Na Yoon-Ah, Lee Joo-Young, Bang Weon-Jeong, Lee Hyo Jung, Choi Su-In, Kwon Soon-Kyeong, Jung Kwang-Hwan, Kim Jihyun F, Kim Pil
Department of Biotechnology, The Catholic University of Korea, Bucheon, 420-743, Gyeonggi, Korea.
J Ind Microbiol Biotechnol. 2015 Jun;42(6):915-24. doi: 10.1007/s10295-015-1609-6. Epub 2015 Apr 3.
Overexpression of phosphoenolpyruvate carboxykinase (PCK) was reported to cause the harboring of higher intracellular ATP concentration in Escherichia coli, accompanied with a slower growth rate. For systematic determination of the relationship between the artificial increase of ATP and growth retardation, PCKWT enzyme was directly evolved in vitro and further overexpressed. The evolved PCK67 showed a 60% greater catalytic efficiency than that of PCKWT. Consequently, the PCK67-overexpressing E. coli showed the highest ATP concentration at the log phase of 1.45 μmol/gcell, with the slowest growth rate of 0.66 h(-1), while the PCKWT-overexpressing cells displayed 1.00 μmol/gcell ATP concentration with the growth rate of 0.84 h(-1) and the control had 0.28 μmol/gcell with 1.03 h(-1). To find a plausible reason, PCK-overexpressing cells in a steady state during chemostat growth were applied to monitor intracellular reactive oxygen species (ROS). Higher amount of intracellular ROS were observed as the ATP levels increased. To confirm the hypothesis of slower growth rate without perturbation of the carbon flux by PCK-overexpression, phototrophic Gloeobacter rhodopsin (GR) was expressed. The GR-expressing strain under illumination harbored 81% more ATP concentration along with 82% higher ROS, with a 54% slower maximum growth rate than the control, while both the GR-expressing strain under dark and dicarboxylate transporter (a control membrane protein)-expressing strain showed a lower ATP and increased ROS, and slower growth rate. Regardless of carbon flux changes, the artificial ATP increase was related to the ROS increase and it was reciprocally correlated to the maximum growth rate. To verify that the accumulated intracellular ROS were responsible for the growth retardation, glutathione was added to the medium to reduce the ROS. As a result, the growth retardation was restored by the addition of 0.1 mM glutathione. Anaerobic culture even enabled the artificial ATP-increased E. coli to grow faster than control. Collectively, it was concluded that artificial ATP increases inhibit the growth of E. coli due to the overproduction of ROS.
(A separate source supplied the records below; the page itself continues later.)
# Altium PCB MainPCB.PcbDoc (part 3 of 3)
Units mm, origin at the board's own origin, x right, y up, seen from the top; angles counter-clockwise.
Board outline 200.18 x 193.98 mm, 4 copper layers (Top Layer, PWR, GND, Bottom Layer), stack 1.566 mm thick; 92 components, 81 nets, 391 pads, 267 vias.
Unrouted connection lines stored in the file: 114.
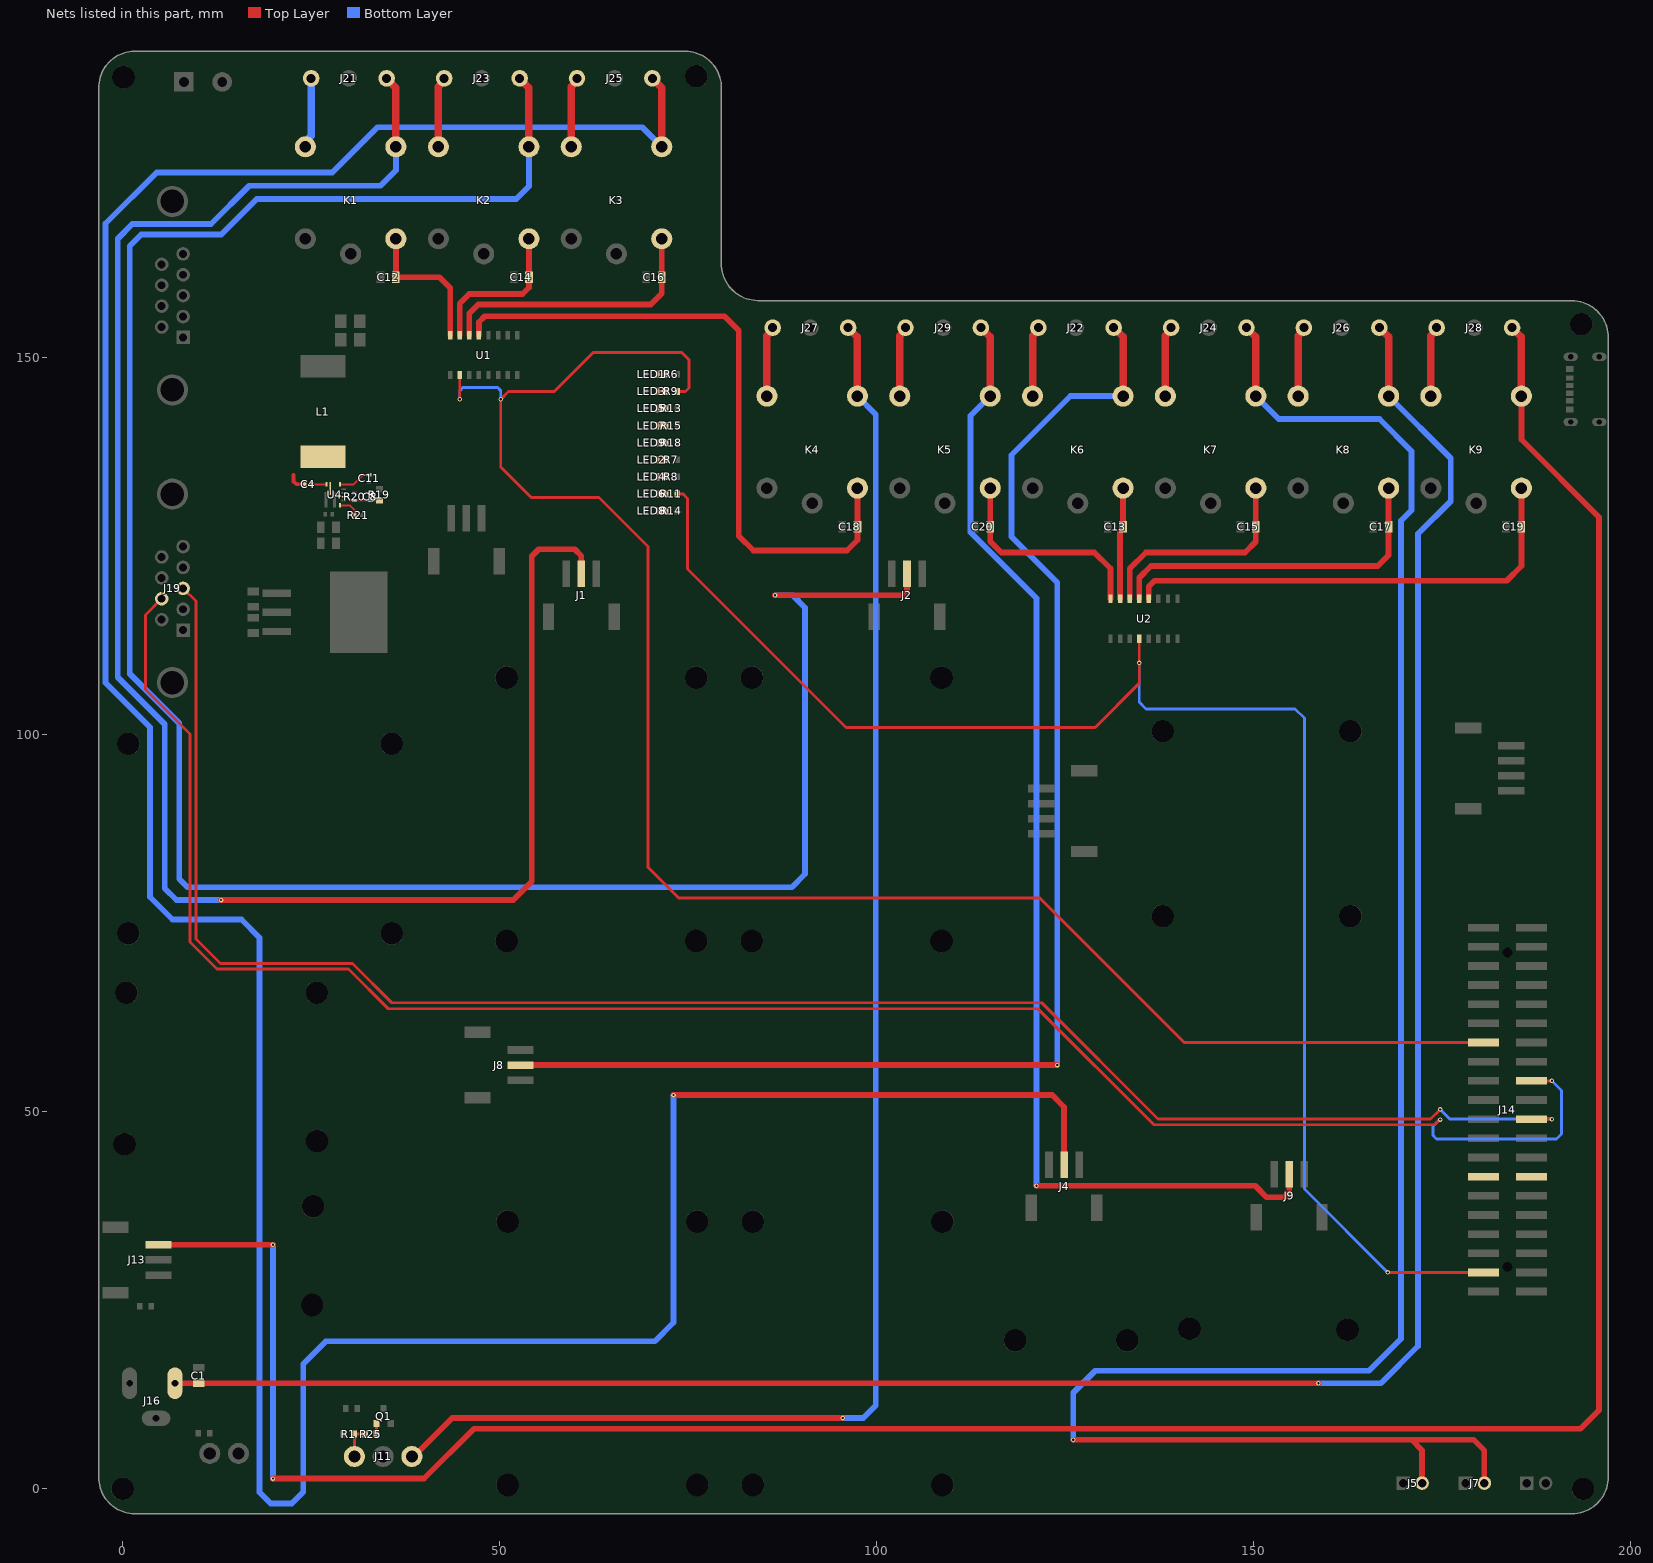
[diagram p4: the nets of this part, all layers, seen from the top]

## Via types
v1: diameter 0.6, hole 0.3, Top Layer to Bottom Layer, 267 vias

## Nets (pads, with @x,y where several pads share a name; then routed paths per layer and width w, separated by ;. In a path a pad name is that pad's centre, name@x,y a point inside that pad or via, vN(x,y) a via of type N, cw(c..) or ccw(c..) an arc to the next point about the centre after c; other vN are vias at no path point) (continued)
GPIO24: J14.18 J19.7 | length 255.3
  Top Layer w0.381: J19.7@5.184,118.027 5.156,118.027 3.023,115.893 3.023,106.007 8.948,100.081 8.948,72.508 12.524,68.933 29.968,68.933 35.23,63.671 121.357,63.671 136.751,48.276 173.972,48.276 174.667,48.971 v1(174.727,48.971) ; J14.18@186.842,54.102 v1(189.535,54.102)
  Bottom Layer w0.381: v1(174.727,48.971) 174.667,48.971 174.134,48.438 174.117,48.438 173.759,48.08 173.759,46.88 174.236,46.402 190.159,46.402 190.805,47.049 190.805,52.832 v1(189.535,54.102)
GPIO25: J14.22 J19.3 | length 240.7
  Top Layer w0.381: J19.3@8.024,119.412 9.722,117.714 9.722,72.926 12.972,69.676 30.48,69.676 35.697,64.459 121.889,64.459 137.315,49.032 173.442,49.032 v1(174.727,50.317) ; J14.22@186.842,49.022 v1(189.535,49.022)
  Bottom Layer w0.381: v1(174.727,50.317) 176.022,49.022 v1(189.535,49.022)
GPIO26: J14.37 R11.2 U2.4 | length 206.7
  Top Layer w0.381: R11.2@73.533,131.944 74.304,131.944 74.924,131.324 74.924,121.976 95.924,100.977 128.968,100.977 134.81,106.82 v1(134.81,109.526) U2.4@134.81,112.754 ; v1(167.767,28.702) J14.37@180.442,28.702
  Bottom Layer w0.381: v1(134.81,109.526) 134.81,104.331 135.712,103.429 155.476,103.429 156.706,102.199 156.706,39.763 v1(167.767,28.702)
GPIO27: J14.13 R9.2 U1.2 | length 240.5
  Top Layer w0.381: v1(44.708,144.475) U1.2@44.708,147.703 ; R9.2@73.533,145.525 74.63,145.525 75.09,145.986 75.09,149.725 74.143,150.673 62.412,150.673 57.247,145.508 51.17,145.508 v1(50.14,144.477) 50.14,135.518 54.197,131.461 63.173,131.461 69.661,124.972 69.661,82.427 73.745,78.343 121.61,78.343 140.771,59.182 J14.13@180.442,59.182
  Bottom Layer w0.381: v1(44.708,144.475) 44.708,145.622 45.11,146.025 49.735,146.025 49.737,146.027 50.14,145.624 v1(50.14,144.477)
ID_SC: J14.28
ID_SD: J14.27
NC1: J21.1 K1.3 | length 9.6
  Bottom Layer w1: K1.3@23.767,177.964 23.767,178.179 25.003,179.415 J21.1@25.003,187.038
NC2: J23.1 K2.3 | length 9.4
  Top Layer w1: K2.3@41.883,177.964 41.883,185.95 42.646,186.713 J23.1@42.646,187.038
NC3: J25.1 K3.3 | length 9.6
  Top Layer w1: K3.3@59.019,177.964 59.019,178.319 59.492,178.792 59.492,185.95 60.255,186.713 J25.1@60.255,187.038
NC4: J27.1 K4.3 | length 9.4
  Top Layer w1: K4.3@85.444,144.901 85.444,152.888 86.207,153.651 J27.1@86.207,153.976
NC5: J29.1 K5.3 | length 9.3
  Top Layer w1: K5.3@103.052,144.956 103.052,152.888 103.815,153.651 J29.1@103.815,153.976
NC6: J22.1 K6.3 | length 9.3
  Top Layer w1: K6.3@120.66,144.956 120.66,152.888 121.423,153.651 J22.1@121.423,153.976
NC7: J24.1 K7.3 | length 9.3
  Top Layer w1: K7.3@138.268,144.956 138.268,152.888 139.031,153.651 J24.1@139.031,153.976
NC8: J26.1 K8.3 | length 9.3
  Top Layer w1: K8.3@155.877,144.956 155.877,152.888 156.64,153.651 J26.1@156.64,153.976
NC9: J28.1 K9.3 | length 9.3
  Top Layer w1: K9.3@173.485,144.956 173.485,152.888 174.248,153.651 J28.1@174.248,153.976
NetC4_1: C4.1 U4.7 | length 1.9
  Top Layer w0.254: C4.1@25.086,133.209 U4.7@26.961,133.209
NetC4_2: C4.2 L1.1 U4.6 | length 2.5
  Top Layer w0.508: 22.656,134.442 22.656,133.593 23.04,133.209 C4.2@24.146,133.209
NetC8_1: C8.1 R19.1 R20.2 U4.2 | length 5
  Top Layer w0.254: U4.2@29.303,131.559 29.723,131.559 30.213,131.069 30.753,131.069 R20.2@30.763,131.059 R19.1@34.081,131.059
NetC11_2: C11.2 U4.5 | length 4.4
  Top Layer w0.254: U4.5@28.833,133.209 30.647,133.209 31.899,134.461 C11.2@32.715,134.461
NetJ11_1: J11.1 R1.1 R25.1 | length 4.4
  Top Layer w0.381: J11.1@30.734,4.293 R1.1@30.734,7.264 R25.1@32.134,7.264
NetLED1_1: LED1.1 R6.1 | length 1.1
  Top Layer w0.381: LED1.1@70.918,147.789 R6.1@72.009,147.789
NetLED2_1: LED2.1 R7.1 | length 1.1
  Top Layer w0.381: LED2.1@70.918,136.471 R7.1@72.009,136.471
NetLED3_1: LED3.1 R9.1 | length 1.1
  Top Layer w0.381: LED3.1@70.918,145.525 R9.1@72.009,145.525
NetLED4_1: LED4.1 R8.1 | length 1.1
  Top Layer w0.381: LED4.1@70.918,134.208 R8.1@72.009,134.208
NetLED5_1: LED5.1 R13.1 | length 1.1
  Top Layer w0.381: LED5.1@70.918,143.262 R13.1@72.009,143.262
NetLED6_1: LED6.1 R11.1 | length 1.1
  Top Layer w0.381: LED6.1@70.918,131.944 R11.1@72.009,131.944
NetLED7_1: LED7.1 R15.1 | length 1.1
  Top Layer w0.381: LED7.1@70.918,140.998 R15.1@72.009,140.998
NetLED8_1: LED8.1 R14.1 | length 1.1
  Top Layer w0.381: LED8.1@70.918,129.681 R14.1@72.009,129.681
NetLED9_1: LED9.1 R18.1 | length 1.1
  Top Layer w0.381: LED9.1@70.918,138.735 R18.1@72.009,138.735
NetQ1_1: Q1.1 R25.2 | length 1.4
  Top Layer w0.381: R25.2@33.658,7.264 Q1.1@33.658,8.661
NetR21_2: R21.2 U4.10 | length 2.9
  Top Layer w0.254: U4.10@28.833,130.409 30.14,130.409 30.763,129.786 R21.2@30.763,129.102
NO1: J1.2 J21.3 K1.2 | length 245.2
  Top Layer w0.762: v1(13.056,78.08) 51.809,78.08 54.254,80.525 54.254,109.069 54.254,123.664 55.188,124.598 59.951,124.598 60.833,123.716 J1.2@60.833,121.341
  Top Layer w1: J21.3@35.003,187.038 36.239,185.802 K1.2@36.239,177.964
  Bottom Layer w0.762: v1(13.056,78.08) 7.137,78.08 5.588,79.629 5.588,101.377 -0.65,107.615 -0.65,165.768 1.291,167.71 11.717,167.71 16.8,172.793 34.179,172.793 36.239,174.853 K1.2@36.239,177.964
NO2: J2.2 J23.3 K2.2 | length 301.9
  Top Layer w0.762: v1(86.512,118.491) 103.48,118.491 104.013,119.024 J2.2@104.013,121.341
  Top Layer w1: J23.3@52.646,187.038 53.882,185.802 K2.2@53.882,177.964
  Bottom Layer w0.762: K2.2@53.882,177.964 53.882,172.727 52.199,171.044 17.79,171.044 13.089,166.343 2.466,166.343 0.939,164.817 0.939,108.098 7.518,101.518 7.518,80.874 8.611,79.781 88.756,79.781 90.5,81.525 90.5,116.852 88.861,118.491 v1(86.512,118.491)
NO3: J4.2 J25.3 K3.2 | length 437.4
  Top Layer w0.762: v1(73.05,52.222) 123.266,52.222 124.841,50.648 J4.2@124.841,42.982
  Top Layer w1: J25.3@70.255,187.038 71.491,185.802 K3.2@71.491,177.964
  Bottom Layer w0.762: K3.2@71.491,177.964 68.897,180.558 33.81,180.558 27.808,174.555 4.52,174.555 -2.259,167.776 -2.259,106.894 3.638,100.998 3.638,78.481 6.63,75.489 15.762,75.489 18.161,73.09 18.161,-0.457 19.634,-1.93 22.43,-1.93 23.952,-0.409 23.952,16.561 26.949,19.558 70.561,19.558 73.05,22.047 v1(73.05,52.222)
NO4: J11.3 J27.3 K4.2 | length 208.8
  Top Layer w0.762: J11.3@38.354,4.293 38.603,4.293 43.708,9.398 v1(95.479,9.398)
  Top Layer w1: J27.3@96.207,153.976 97.443,152.74 K4.2@97.443,144.901
  Bottom Layer w0.762: v1(95.479,9.398) 98.218,9.398 99.873,11.053 99.873,142.471 K4.2@97.443,144.901
NO5: J9.2 J29.3 K5.2 | length 155.8
  Top Layer w0.762: v1(121.183,40.183) 150.193,40.183 151.702,38.674 154.038,38.674 154.686,39.322 J9.2@154.686,41.712
  Top Layer w1: J29.3@113.815,153.976 115.051,152.74 K5.2@115.051,144.901
  Bottom Layer w0.762: K5.2@115.051,144.901 112.435,142.286 112.435,126.857 121.183,118.109 v1(121.183,40.183)
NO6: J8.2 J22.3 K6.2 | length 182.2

据报道,磷酸烯醇式丙酮酸羧激酶(PCK)的过表达会导致大肠杆菌细胞内ATP浓度升高,同时生长速率减慢。为了系统地确定ATP人工增加与生长迟缓之间的关系,对野生型PCK酶进行了体外直接进化并进一步过表达。进化后的PCK67催化效率比野生型PCK高60%。因此,过表达PCK67的大肠杆菌在对数期的ATP浓度最高,为1.45 μmol/g细胞,生长速率最慢,为0.66 h⁻¹,而过表达野生型PCK的细胞ATP浓度为1.00 μmol/g细胞,生长速率为0.84 h⁻¹,对照细胞的ATP浓度为0.28 μmol/g细胞,生长速率为1.03 h⁻¹。为了找到一个合理的原因,在恒化器生长过程中处于稳定状态的过表达PCK的细胞被用于监测细胞内活性氧(ROS)。随着ATP水平的升高,观察到细胞内ROS的量增加。为了证实过表达PCK不会干扰碳通量但会导致生长速率减慢这一假设,表达了光合嗜盐菌视紫红质(GR)。光照下表达GR的菌株ATP浓度高出81%,ROS高出82%,最大生长速率比对照慢54%,而黑暗中表达GR的菌株和表达二羧酸转运蛋白(一种对照膜蛋白)的菌株ATP浓度较低,ROS增加,生长速率较慢。无论碳通量如何变化,人工增加ATP都与ROS增加有关,并且与最大生长速率呈负相关。为了验证细胞内积累的ROS是生长迟缓的原因,向培养基中添加了谷胱甘肽以降低ROS。结果,添加0.1 mM谷胱甘肽恢复了生长迟缓。厌氧培养甚至使人工增加ATP的大肠杆菌比对照生长得更快。总的来说,得出的结论是,人工增加ATP会由于ROS的过量产生而抑制大肠杆菌的生长。